Aim of the task:
Only the lines from the one containing "391514.1287250693), (499648.8725882611, 391514.128741846))" through the last line of the listing are to be given again, exactly as they appear.

□ □ □ □ □

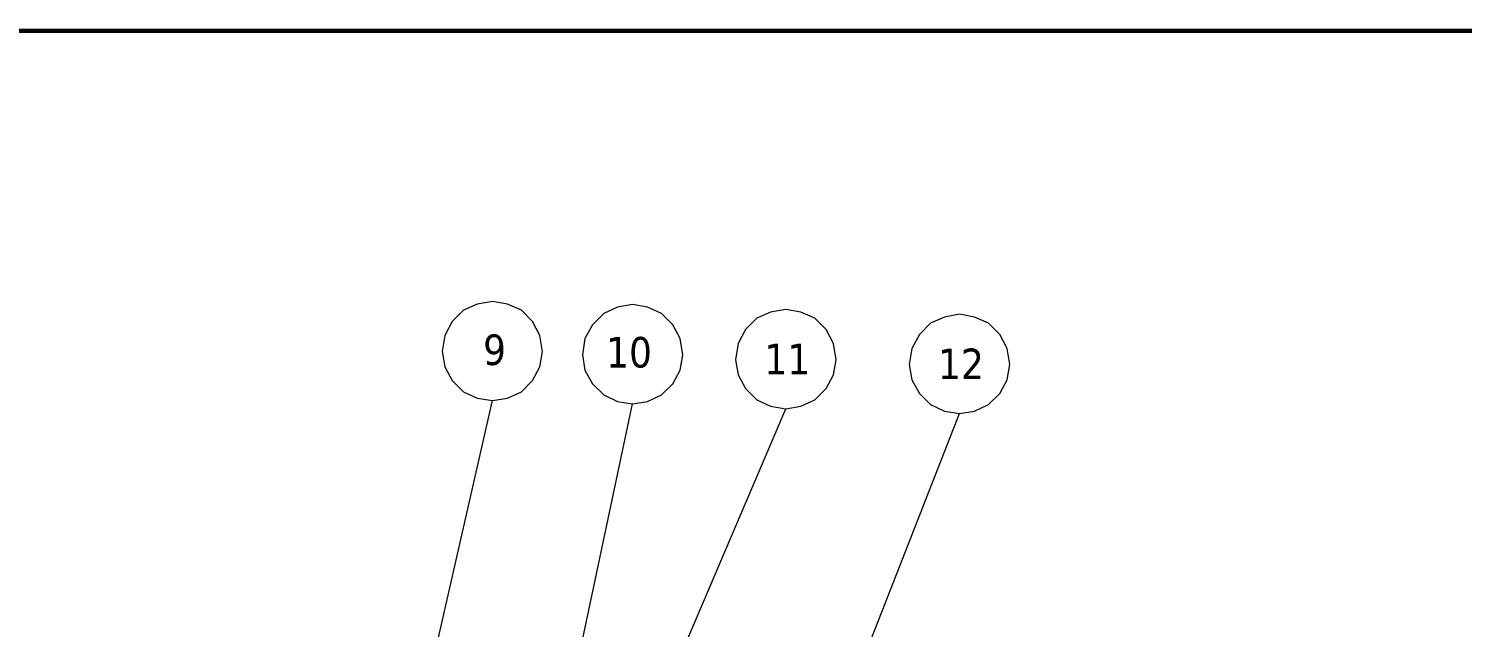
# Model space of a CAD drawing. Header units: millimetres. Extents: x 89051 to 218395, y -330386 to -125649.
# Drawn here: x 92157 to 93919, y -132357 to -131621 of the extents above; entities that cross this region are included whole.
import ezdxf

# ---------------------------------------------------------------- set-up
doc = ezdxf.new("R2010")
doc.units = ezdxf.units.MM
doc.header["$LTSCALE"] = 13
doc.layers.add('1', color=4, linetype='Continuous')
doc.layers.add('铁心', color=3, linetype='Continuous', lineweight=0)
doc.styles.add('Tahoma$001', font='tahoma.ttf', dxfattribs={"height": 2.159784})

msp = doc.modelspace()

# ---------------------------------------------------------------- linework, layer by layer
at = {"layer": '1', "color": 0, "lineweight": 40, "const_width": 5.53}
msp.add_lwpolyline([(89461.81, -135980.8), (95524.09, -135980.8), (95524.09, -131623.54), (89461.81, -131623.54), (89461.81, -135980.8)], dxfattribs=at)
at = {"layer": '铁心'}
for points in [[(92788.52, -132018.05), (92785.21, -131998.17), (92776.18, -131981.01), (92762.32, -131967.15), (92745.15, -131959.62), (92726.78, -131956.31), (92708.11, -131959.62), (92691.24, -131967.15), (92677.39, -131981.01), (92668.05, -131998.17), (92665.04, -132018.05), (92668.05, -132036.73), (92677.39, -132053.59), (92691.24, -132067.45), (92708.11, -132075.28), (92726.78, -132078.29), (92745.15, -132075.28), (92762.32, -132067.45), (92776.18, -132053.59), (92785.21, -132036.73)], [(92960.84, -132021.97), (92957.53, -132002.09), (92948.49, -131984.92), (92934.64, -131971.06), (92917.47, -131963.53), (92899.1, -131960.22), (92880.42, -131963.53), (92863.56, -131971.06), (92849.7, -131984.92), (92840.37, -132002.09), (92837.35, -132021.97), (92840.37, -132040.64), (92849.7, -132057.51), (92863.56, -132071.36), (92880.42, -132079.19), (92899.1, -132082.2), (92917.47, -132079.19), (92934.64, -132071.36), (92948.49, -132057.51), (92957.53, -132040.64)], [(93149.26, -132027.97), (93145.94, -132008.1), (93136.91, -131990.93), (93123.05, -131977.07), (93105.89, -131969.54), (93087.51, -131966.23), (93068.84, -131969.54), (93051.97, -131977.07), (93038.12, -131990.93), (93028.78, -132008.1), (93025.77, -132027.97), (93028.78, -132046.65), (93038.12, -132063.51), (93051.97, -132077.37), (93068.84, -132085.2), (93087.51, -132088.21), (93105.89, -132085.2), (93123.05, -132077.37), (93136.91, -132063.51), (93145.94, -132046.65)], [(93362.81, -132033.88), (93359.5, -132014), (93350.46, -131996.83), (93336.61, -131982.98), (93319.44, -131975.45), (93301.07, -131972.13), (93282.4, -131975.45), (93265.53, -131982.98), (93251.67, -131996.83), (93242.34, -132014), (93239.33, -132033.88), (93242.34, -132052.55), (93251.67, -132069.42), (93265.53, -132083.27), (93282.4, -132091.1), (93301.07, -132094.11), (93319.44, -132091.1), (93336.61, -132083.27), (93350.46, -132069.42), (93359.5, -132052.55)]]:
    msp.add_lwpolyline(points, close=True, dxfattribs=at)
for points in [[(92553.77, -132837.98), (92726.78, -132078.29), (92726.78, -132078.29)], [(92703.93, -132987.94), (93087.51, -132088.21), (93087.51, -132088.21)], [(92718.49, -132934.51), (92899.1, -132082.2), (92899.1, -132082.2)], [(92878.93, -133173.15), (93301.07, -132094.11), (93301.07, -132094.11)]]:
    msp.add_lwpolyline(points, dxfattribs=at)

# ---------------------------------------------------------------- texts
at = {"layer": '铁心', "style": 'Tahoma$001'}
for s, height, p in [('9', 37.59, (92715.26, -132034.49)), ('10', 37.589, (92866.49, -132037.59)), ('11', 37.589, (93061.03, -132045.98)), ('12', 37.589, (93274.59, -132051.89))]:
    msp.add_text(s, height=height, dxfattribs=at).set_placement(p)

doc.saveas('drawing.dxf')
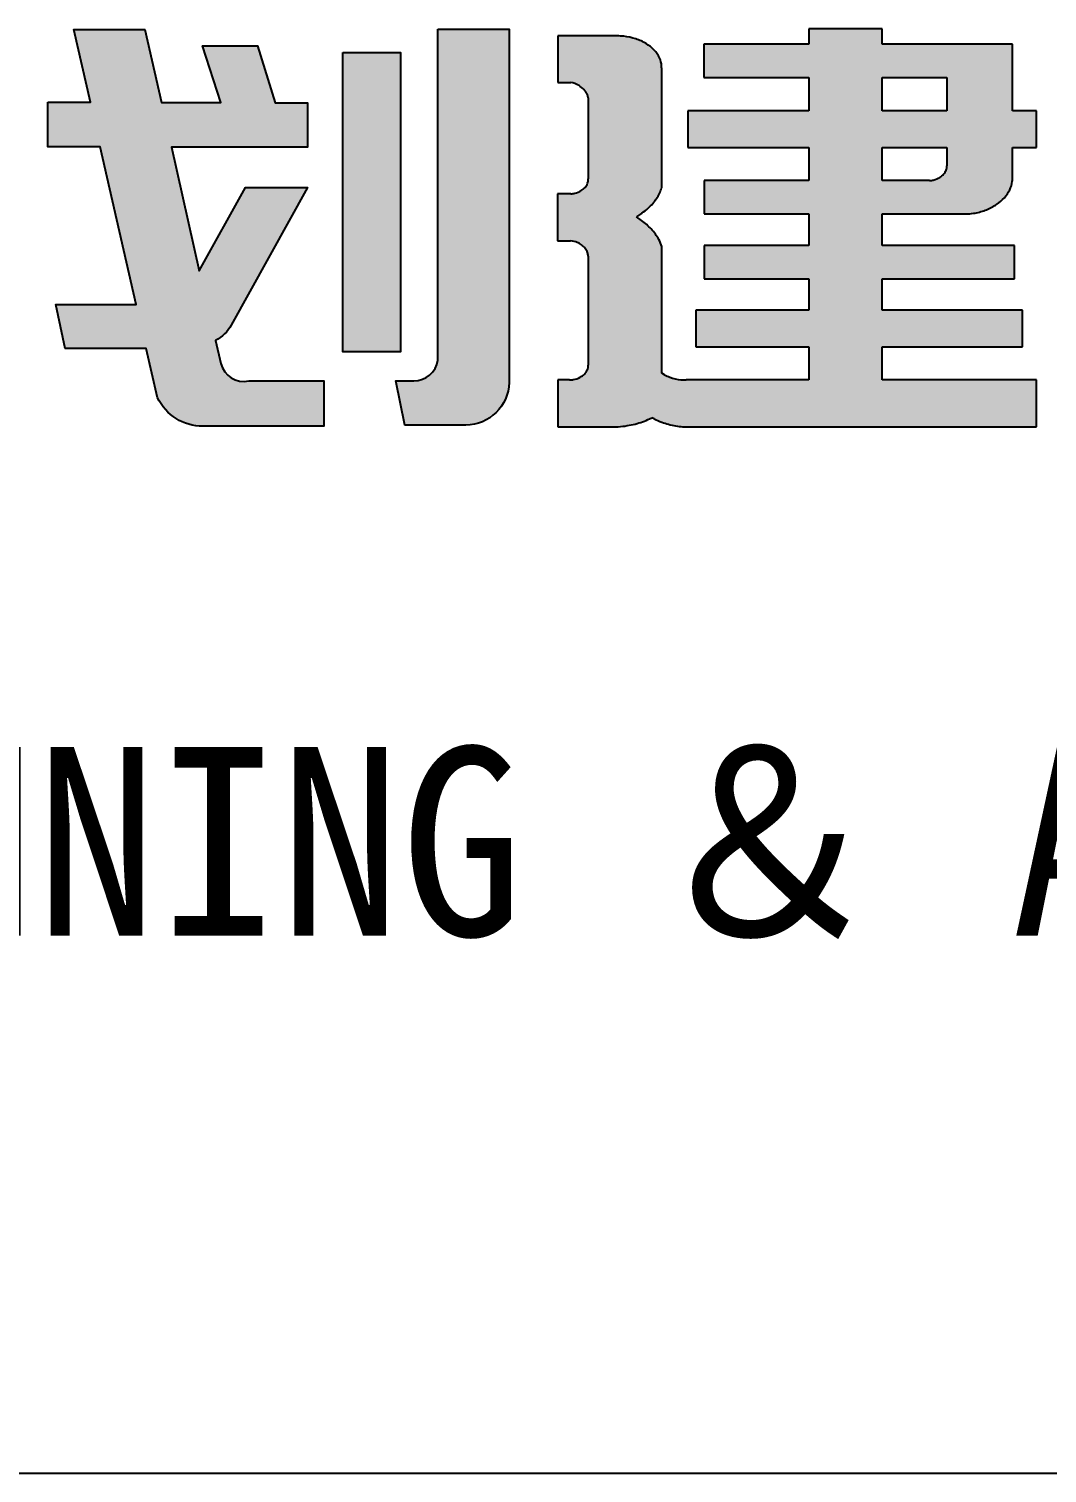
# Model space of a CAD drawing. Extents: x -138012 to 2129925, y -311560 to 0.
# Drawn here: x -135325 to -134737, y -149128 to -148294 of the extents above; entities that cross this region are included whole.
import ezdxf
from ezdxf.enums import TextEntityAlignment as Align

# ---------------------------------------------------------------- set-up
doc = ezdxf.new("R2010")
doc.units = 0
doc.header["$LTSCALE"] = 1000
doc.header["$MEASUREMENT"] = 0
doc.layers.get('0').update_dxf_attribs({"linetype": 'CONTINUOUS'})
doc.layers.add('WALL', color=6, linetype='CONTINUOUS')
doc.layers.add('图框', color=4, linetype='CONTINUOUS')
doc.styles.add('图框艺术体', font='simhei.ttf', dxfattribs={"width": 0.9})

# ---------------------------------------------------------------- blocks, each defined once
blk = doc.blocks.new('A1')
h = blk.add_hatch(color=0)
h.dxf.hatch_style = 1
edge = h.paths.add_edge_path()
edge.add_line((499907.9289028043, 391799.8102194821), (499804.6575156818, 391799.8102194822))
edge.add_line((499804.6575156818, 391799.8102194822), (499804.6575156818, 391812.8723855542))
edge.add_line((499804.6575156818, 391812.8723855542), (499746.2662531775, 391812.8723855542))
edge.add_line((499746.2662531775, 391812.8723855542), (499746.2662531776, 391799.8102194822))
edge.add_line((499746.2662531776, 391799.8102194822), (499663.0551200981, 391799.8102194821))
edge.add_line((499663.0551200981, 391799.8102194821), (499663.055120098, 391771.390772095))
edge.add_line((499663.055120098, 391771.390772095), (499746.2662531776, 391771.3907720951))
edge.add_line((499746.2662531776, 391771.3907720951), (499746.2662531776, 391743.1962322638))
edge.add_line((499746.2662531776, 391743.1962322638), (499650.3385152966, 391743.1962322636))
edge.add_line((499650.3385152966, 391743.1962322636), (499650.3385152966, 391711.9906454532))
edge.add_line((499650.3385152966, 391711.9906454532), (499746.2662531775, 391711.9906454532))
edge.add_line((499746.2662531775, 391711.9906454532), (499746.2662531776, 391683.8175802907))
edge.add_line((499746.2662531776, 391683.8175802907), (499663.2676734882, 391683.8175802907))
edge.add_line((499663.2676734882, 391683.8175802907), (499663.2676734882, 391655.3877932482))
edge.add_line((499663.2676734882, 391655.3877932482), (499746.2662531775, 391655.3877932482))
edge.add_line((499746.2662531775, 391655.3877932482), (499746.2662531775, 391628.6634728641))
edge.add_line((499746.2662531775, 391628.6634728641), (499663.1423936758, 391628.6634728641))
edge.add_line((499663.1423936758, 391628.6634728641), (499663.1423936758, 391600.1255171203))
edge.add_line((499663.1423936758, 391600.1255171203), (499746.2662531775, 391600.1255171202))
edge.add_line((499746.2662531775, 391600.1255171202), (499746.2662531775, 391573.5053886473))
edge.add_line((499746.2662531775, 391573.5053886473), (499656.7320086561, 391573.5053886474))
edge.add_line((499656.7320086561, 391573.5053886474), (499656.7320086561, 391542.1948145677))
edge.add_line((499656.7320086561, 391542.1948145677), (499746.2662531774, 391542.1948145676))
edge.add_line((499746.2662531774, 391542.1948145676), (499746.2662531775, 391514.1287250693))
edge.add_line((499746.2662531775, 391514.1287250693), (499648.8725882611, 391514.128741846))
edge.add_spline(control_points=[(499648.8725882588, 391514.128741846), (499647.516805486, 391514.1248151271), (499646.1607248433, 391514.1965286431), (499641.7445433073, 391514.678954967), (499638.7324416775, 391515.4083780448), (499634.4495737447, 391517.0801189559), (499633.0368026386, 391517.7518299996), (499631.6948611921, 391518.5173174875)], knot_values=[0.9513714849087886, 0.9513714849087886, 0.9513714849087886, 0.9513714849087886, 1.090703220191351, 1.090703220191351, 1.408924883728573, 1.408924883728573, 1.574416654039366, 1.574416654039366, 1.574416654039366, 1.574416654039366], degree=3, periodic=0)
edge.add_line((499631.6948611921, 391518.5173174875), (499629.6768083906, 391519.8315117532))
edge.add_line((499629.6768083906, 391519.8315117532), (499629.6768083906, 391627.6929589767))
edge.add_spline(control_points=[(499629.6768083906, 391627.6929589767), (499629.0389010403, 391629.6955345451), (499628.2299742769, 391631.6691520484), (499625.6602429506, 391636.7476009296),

□ □ □ □ □

Task response:
edge.add_line((499746.2662531775, 391514.1287250693), (499648.8725882611, 391514.128741846))
edge.add_spline(control_points=[(499648.8725882588, 391514.128741846), (499647.516805486, 391514.1248151271), (499646.1607248433, 391514.1965286431), (499641.7445433073, 391514.678954967), (499638.7324416775, 391515.4083780448), (499634.4495737447, 391517.0801189559), (499633.0368026386, 391517.7518299996), (499631.6948611921, 391518.5173174875)], knot_values=[0.9513714849087886, 0.9513714849087886, 0.9513714849087886, 0.9513714849087886, 1.090703220191351, 1.090703220191351, 1.408924883728573, 1.408924883728573, 1.574416654039366, 1.574416654039366, 1.574416654039366, 1.574416654039366], degree=3, periodic=0)
edge.add_line((499631.6948611921, 391518.5173174875), (499629.6768083906, 391519.8315117532))
edge.add_line((499629.6768083906, 391519.8315117532), (499629.6768083906, 391627.6929589767))
edge.add_spline(control_points=[(499629.6768083906, 391627.6929589767), (499629.0389010403, 391629.6955345451), (499628.2299742769, 391631.6691520484), (499625.6602429506, 391636.7476009296),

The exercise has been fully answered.